A. Parties and Representatives
1.The Applicant Terry Kagwiria Kimathi is the tenant and had rented space on the Suit Property on Plot No. 27B Kibugua for the business. (hereinafter known as the ‘tenant’)
2.The firm of Kogai & Company Advocates represent the Tenant/Applicant in this matter.
3.The 1st Respondent Collins Mugendi Nyaga is the landlord and rented out space for the business in the suit property to the tenant (hereinafter the “landlord”)
4.The 2nd Respondent Willisken Ndii are the alleged agents for the 1st Respondent.
5.The firm of Kenta Moitalel & Co.
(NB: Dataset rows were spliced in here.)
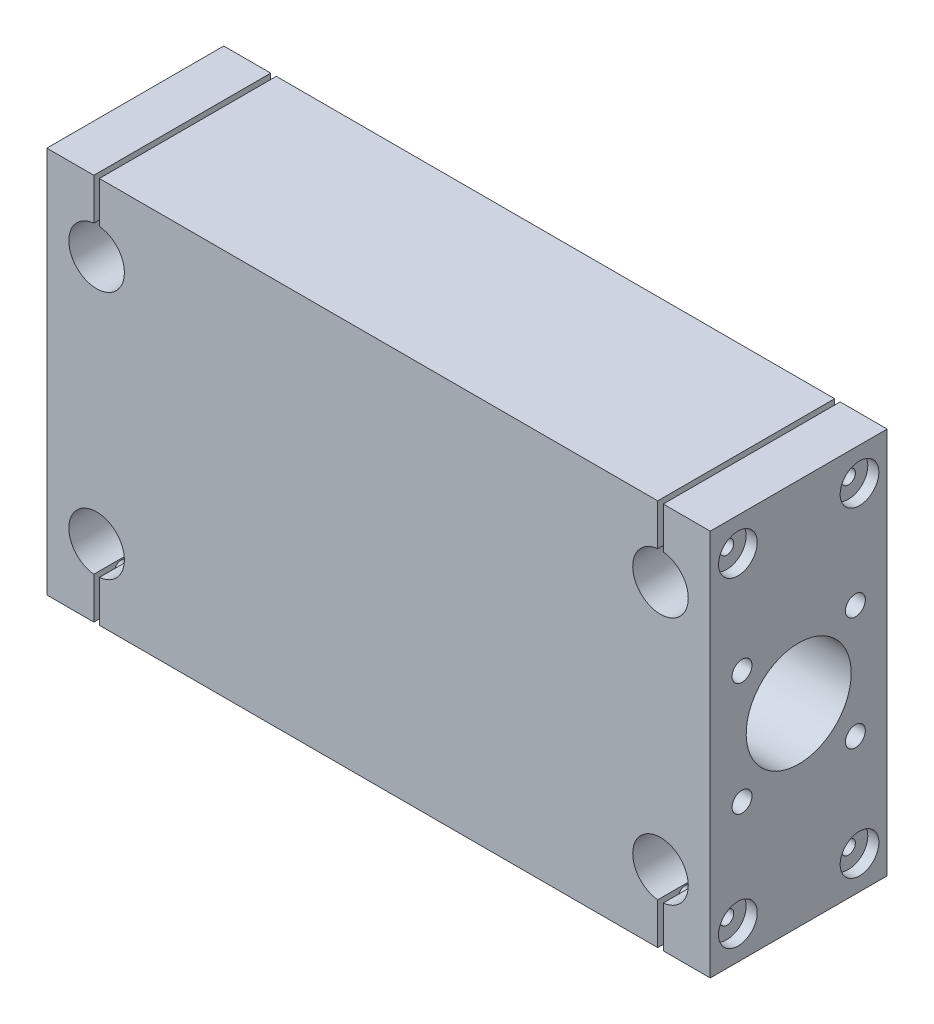
SolidWorks part; units mm, degrees
ref_plane "Front Plane" through (0, 0, 0) normal (0, 0, 1) x (1, 0, 0)
ref_plane "Top Plane" through (0, 0, 0) normal (0, 1, 0) x (1, 0, 0)
ref_plane "Right Plane" through (0, 0, 0) normal (1, 0, 0) x (0, 0, -1)
sketch "Sketch1" plane through (0, 0, 0) normal (0, 0, 1) x (1, 0, 0)
  line L1 (-120, 0) -> (0, 0)
  line L2 (-120, 0) -> (-120, -70)
  line L3 (-120, -70) -> (0, -70)
  line L4 (0, 0) -> (0, -70)
  dimension "D1" = 120
  dimension "D2" = 70
extrude "Boss-Extrude1" add sketch "Sketch1" along normal blind 32
sketch "Sketch2" plane through (-120, 0, 0) normal (-1, 0, 0) x (0, 0, 1)
  line L0 (16, 0) -> (16, -70) construction
  line L1 (32, 0) -> (0, 0) construction
  line L2 (32, -70) -> (0, -70) construction
  line L3 (0, -35) -> (32, -35) construction
  line L4 (0, 0) -> (0, -70) construction
  line L5 (32, 0) -> (32, -70) construction
  circle A0 centre (16, -35) radius 9.5
  dimension "D1" = 19
extrude "Linear_bearing-cut-1" cut sketch "Sketch2" against normal blind 55
sketch "Sketch5" plane through (0, 0, 32) normal (0, 0, 1) x (1, 0, 0)
  line L0 (-60, 0) -> (-60, -70) construction
  line L1 (0, 0) -> (-120, 0) construction
  line L2 (-120, -70) -> (0, -70) construction
  line L3 (0, -35) -> (-120, -35) construction
  line L4 (0, -70) -> (0, 0) construction
  line L5 (-120, 0) -> (-120, -70) construction
  line L6 (-111, 0) -> (-111, -12.5) construction
  line L7 (-111, -12.5) -> (-9, -12.5) construction
  line L8 (-9, -12.5) -> (-9, 0) construction
  line L9 (-9, -57.5) -> (-9, -70) construction
  line L10 (-111, -57.5) -> (-9, -57.5) construction
  line L11 (-111, -70) -> (-111, -57.5) construction
  line L12 (-111.5, 0) -> (-111.5, -7.5)
  line L13 (-110.5, 0) -> (-110.5, -7.5)
  line L14 (-8.5, 0) -> (-8.5, -7.5)
  line L15 (-9.5, 0) -> (-9.5, -7.5)
  line L16 (-111.5, -70) -> (-111.5, -62.5)
  line L17 (-110.5, -70) -> (-110.5, -62.5)
  line L18 (-9.5, -70) -> (-9.5, -62.5)
  line L19 (-8.5, -70) -> (-8.5, -62.5)
  line L20 (-111.5, 0) -> (-110.5, 0)
  line L21 (-9.5, 0) -> (-8.5, 0)
  line L22 (-9.5, -70) -> (-8.5, -70)
  line L23 (-111.5, -70) -> (-110.5, -70)
  arc A0 (-111.5, -7.5) -> (-110.5, -7.5) centre (-111, -12.5) ccw
  arc A1 (-8.5, -7.5) -> (-9.5, -7.5) centre (-9, -12.5) cw
  arc A2 (-111.5, -62.5) -> (-110.5, -62.5) centre (-111, -57.5) cw
  arc A3 (-8.5, -62.5) -> (-9.5, -62.5) centre (-9, -57.5) ccw
  dimension "D1" = 9
  dimension "D3" = 12.5
  dimension "D5" = 0.5
  dimension "D6" = 7.5
extrude "Y-axis-shafts-cut" cut sketch "Sketch5" against normal through all
sketch "Sketch6" plane through (-65, 0, 0) normal (-1, 0, 0) x (0, 0, 1)
  line L0 (16, -25.5) -> (16, -44.5) construction
  circle A0 centre (16, -35) radius 9.5 construction
  circle A1 centre (16, -35) radius 9.5 construction
  circle A2 centre (16, -35) radius 6
  dimension "D1" = 12
sketch "Sketch7" plane through (0, 0, 0) normal (1, 0, 0) x (0, 0, -1)
  circle A0 centre (-16, -35) radius 9.5
  dimension "D1" = 19
extrude "Linear-bearing-cut-2" cut sketch "Sketch7" against normal blind 55
extrude "between-bearings" cut sketch "Sketch6" against normal through all
sketch "Sketch8" plane through (-120, 0, 0) normal (-1, 0, 0) x (0, 0, 1)
  line L0 (5, 0) -> (5, -6) construction
  line L1 (32, 0) -> (0, 0) construction
  line L2 (5, -6) -> (27, -6) construction
  line L3 (27, -6) -> (27, 0) construction
  line L4 (0, 0) -> (0, -70) construction
  line L5 (32, 0) -> (32, -70) construction
  line L6 (16, 0) -> (16, -70) construction
  line L7 (32, -70) -> (0, -70) construction
  line L8 (0, -35) -> (32, -35) construction
  line L9 (5, -39.9148) -> (4.7174, -39.9148) construction
  circle A0 centre (5, -6) radius 3.5
  circle A1 centre (27, -6) radius 3.5
  circle A2 centre (27, -64) radius 3.5
  circle A3 centre (5, -64) radius 3.5
  dimension "D4" = 7
  dimension "D1" = 5
  dimension "D3" = 6
extrude "shaft-holder-screw-cut" cut sketch "Sketch8" against normal blind 4
sketch "Sketch9" plane through (-116, 0, 0) normal (-1, 0, 0) x (0, 0, 1)
  line L0 (5, -2.5) -> (5, -9.5) construction
  line L1 (27, -2.5) -> (27, -9.5) construction
  line L2 (27, -60.5) -> (27, -67.5) construction
  line L3 (5, -60.5) -> (5, -67.5) construction
  circle A0 centre (5, -6) radius 3.5 construction
  circle A1 centre (5, -6) radius 3.5 construction
  circle A2 centre (27, -6) radius 3.5 construction
  circle A3 centre (27, -6) radius 3.5 construction
  circle A4 centre (27, -64) radius 3.5 construction
  circle A5 centre (27, -64) radius 3.5 construction
  circle A6 centre (5, -64) radius 3.5 construction
  circle A7 centre (5, -64) radius 3.5 construction
  circle A8 centre (5, -6) radius 1.25
  circle A9 centre (27, -6) radius 1.25
  circle A10 centre (5, -64) radius 1.25
  circle A11 centre (27, -64) radius 1.25
  dimension "D1" = 2.5
extrude "shaft-holder-screw-cut2" cut sketch "Sketch9" against normal blind 20
sketch "Sketch10" plane through (0, 0, 0) normal (1, 0, 0) x (0, 0, -1)
  line L0 (-27, 0) -> (-27, -6) construction
  line L1 (-32, 0) -> (0, 0) construction
  line L2 (-27, -6) -> (-5, -6) construction
  line L3 (-5, -6) -> (-5, 0) construction
  line L4 (-32, -70) -> (-32, 0) construction
  line L5 (0, -70) -> (0, 0) construction
  line L6 (-16, 0) -> (-16, -70) construction
  line L7 (-32, -70) -> (0, -70) construction
  line L8 (-32, -35) -> (0, -35) construction
  circle A0 centre (-27, -6) radius 3.5
  circle A1 centre (-5, -6) radius 3.5
  circle A2 centre (-5, -64) radius 3.5
  circle A3 centre (-27, -64) radius 3.5
  dimension "D4" = 7
  dimension "D1" = 5
  dimension "D2" = 6
extrude "shaft-holder-screw-cut-3" cut sketch "Sketch10" against normal blind 2
sketch "Sketch11" plane through (-2, 0, 0) normal (1, 0, 0) x (0, 0, -1)
  line L0 (-27, -2.5) -> (-27, -9.5) construction
  line L1 (-5, -2.5) -> (-5, -9.5) construction
  line L2 (-5, -60.5) -> (-5, -67.5) construction
  line L3 (-27, -60.5) -> (-27, -67.5) construction
  circle A0 centre (-27, -6) radius 3.5 construction
  circle A1 centre (-27, -6) radius 3.5 construction
  circle A2 centre (-5, -6) radius 3.5 construction
  circle A3 centre (-5, -6) radius 3.5 construction
  circle A4 centre (-5, -64) radius 3.5 construction
  circle A5 centre (-5, -64) radius 3.5 construction
  circle A6 centre (-27, -64) radius 3.5 construction
  circle A7 centre (-27, -64) radius 3.5 construction
  circle A8 centre (-27, -6) radius 1.25
  circle A9 centre (-5, -6) radius 1.25
  circle A10 centre (-5, -64) radius 1.25
  circle A11 centre (-27, -64) radius 1.25
  dimension "D1" = 2.5
extrude "shaft-holder-screw-cut-4" cut sketch "Sketch11" against normal blind 20
sketch "Sketch12" plane through (0, 0, 0) normal (1, 0, 0) x (0, 0, -1)
  line L0 (-5.75, 0) -> (-5.75, -24.75) construction
  line L1 (-32, 0) -> (0, 0) construction
  line L2 (-5.75, -24.75) -> (0, -24.75) construction
  line L3 (0, -70) -> (0, 0) construction
  line L4 (-16, 0) -> (-16, -70) construction
  line L5 (-32, -70) -> (0, -70) construction
  line L6 (0, -35) -> (-32, -35) construction
  line L7 (-32, -70) -> (-32, 0) construction
  circle A0 centre (-5.75, -24.75) radius 1.8
  circle A1 centre (-26.25, -24.75) radius 1.8
  circle A2 centre (-5.75, -45.25) radius 1.8
  circle A3 centre (-26.25, -45.25) radius 1.8
  dimension "D3" = 3.6
  dimension "D1" = 5.75
  dimension "D2" = 24.75
extrude "Linear-bearing-srew1" cut sketch "Sketch12" against normal blind 14
sketch "Sketch13" plane through (-120, 0, 0) normal (-1, 0, 0) x (0, 0, 1)
  line L0 (27.5, 0) -> (27.5, -24.75) construction
  line L1 (32, 0) -> (0, 0) construction
  line L2 (27.5, -24.75) -> (32, -24.75) construction
  line L3 (32, 0) -> (32, -70) construction
  line L4 (16, 0) -> (16, -70) construction
  line L5 (32, -70) -> (0, -70) construction
  line L6 (32, -35) -> (0, -35) construction
  line L7 (0, 0) -> (0, -70) construction
  circle A0 centre (27.5, -24.75) radius 1.85
  circle A1 centre (4.5, -24.75) radius 1.85
  circle A2 centre (27.5, -45.25) radius 1.85
  circle A3 centre (4.5, -45.25) radius 1.85
  dimension "D3" = 3.7
  dimension "D1" = 24.75
  dimension "D2" = 4.5
extrude "Linear-bearing-screw2" cut sketch "Sketch13" against normal blind 14

Advocates represent the Respondents in this matter.
B. The Dispute Background
6.The Landlord and the Tenant entered into a Tenancy Agreement on February 1, 2021 for a period of three years at a monthly rent of Kshs. 10,000.
7.The Landlord issued the Tenant with a verbal notice to increase rent from Kshs. 10,000 to Kshs. 17,000 in response to which the Tenant has filed a Reference and a Notice of Motion application dated June 9, 2021 under section 12 (4) of the Landlords and Tenants (Shops, Hotels and Catering) Establishments Act Cap 301. The Tenant was seeking that this Honourable Tribunal grants orders restraining the Landlord from harassing, trespassing, evicting and interfering with the quiet possession by the tenant pending the hearing and determination of this matter.
8.During the pendency of the Suit the Tenant vacated the premises and what is left before the Court is with regards to the determination of damages.
E. Analysis and FindingsWhether the Tenant is entitled to damages as a result of the termination of the tenancy?
11.Section 4(4) of the Landlord and Tenant (Shops, Hotels and Catering Establishments) Act Chapter 301 Laws of Kenya provides that;4(2) landlord who wishes to terminate a controlled tenancy, or to alter, to the detriment of the tenant, any term or condition in, or right or service enjoyed by the tenant under, such a tenancy, shall give notice in that behalf to the tenant in the prescribed form.4(4) No tenancy notice shall take effect until such date, not being less than two months after the receipt thereof by the receiving party
12.The above provision requires that before the Landlord can alter the terms of a tenancy, they must issue a notice of not less than two months to the Tenant.
14.The above provision allows the Business Premises and Rent Tribunal in addition to the powers conferred upon it by the Act to award compensation to any tenant who incurs loss as a result of termination of their tenancy
15.In the present case the Tenant has averred that they were issued with an oral notice to increase rent by the Landlord. It is as result of this intended action that the Tenant approached the Tribunal by way of a Reference and Notice of Motion. They wanted the Landlord to be prevented from increasing rent and renting out the premises to another tenant.
16.During the pendency of the suit, there was a back and forth between the parties as to access of the premises and it unfortunately led to the breakdown of the tenancy relationship and the tenant was ordered to vacate the premises.
17.The main question before this tribunal is with regards to whether the tenant is entitled to damages. They have alleged that they undertook substantive renovations in the premises and that the Landlord locked the premises for a substantive amount of time which led to loss of business and stock since the premises has been given to a third party.
18.The Landlord on the other hand alleges that the tenant has constantly defaulted in payment of rent, that they have failed to adhere to the court orders requiring them to vacate the premises, instead they proceeded to lock the premises with an additional padlock.
19.Having examined the file, I have observed that the tenant seemed to have been evicted at the instance of orders to pay rent which they failed to do as such the landlord cannot be faulted on the same.
20.With regards to the renovations carried out, the tenant has annexed correspondence between themselves and the Landlord proving that they informed the landlord of their intent to renovate. Additionally, the Landlord gave their approval to the same as long as the tenant abides to Clause 4.2 of their Lease Agreement. The said Clause provided that each party is expected to inform the other in the event they intend to renovate through a written notice and the costs will be offset by the other party as per the receipts and costs incurred.
21.Upon perusal of the receipts annexed by the Tenant in relation to the renovations done, I have observed that the same amount to Kshs. 83,000 which does not seem substantial compared to the arrears claimed by the Landlord of Kshs. 120,000.
22.In light of the foregoing, the Tribunal holds that the amounts owed by each party to the other seem to reconcile and as such no party has a claim as against the other.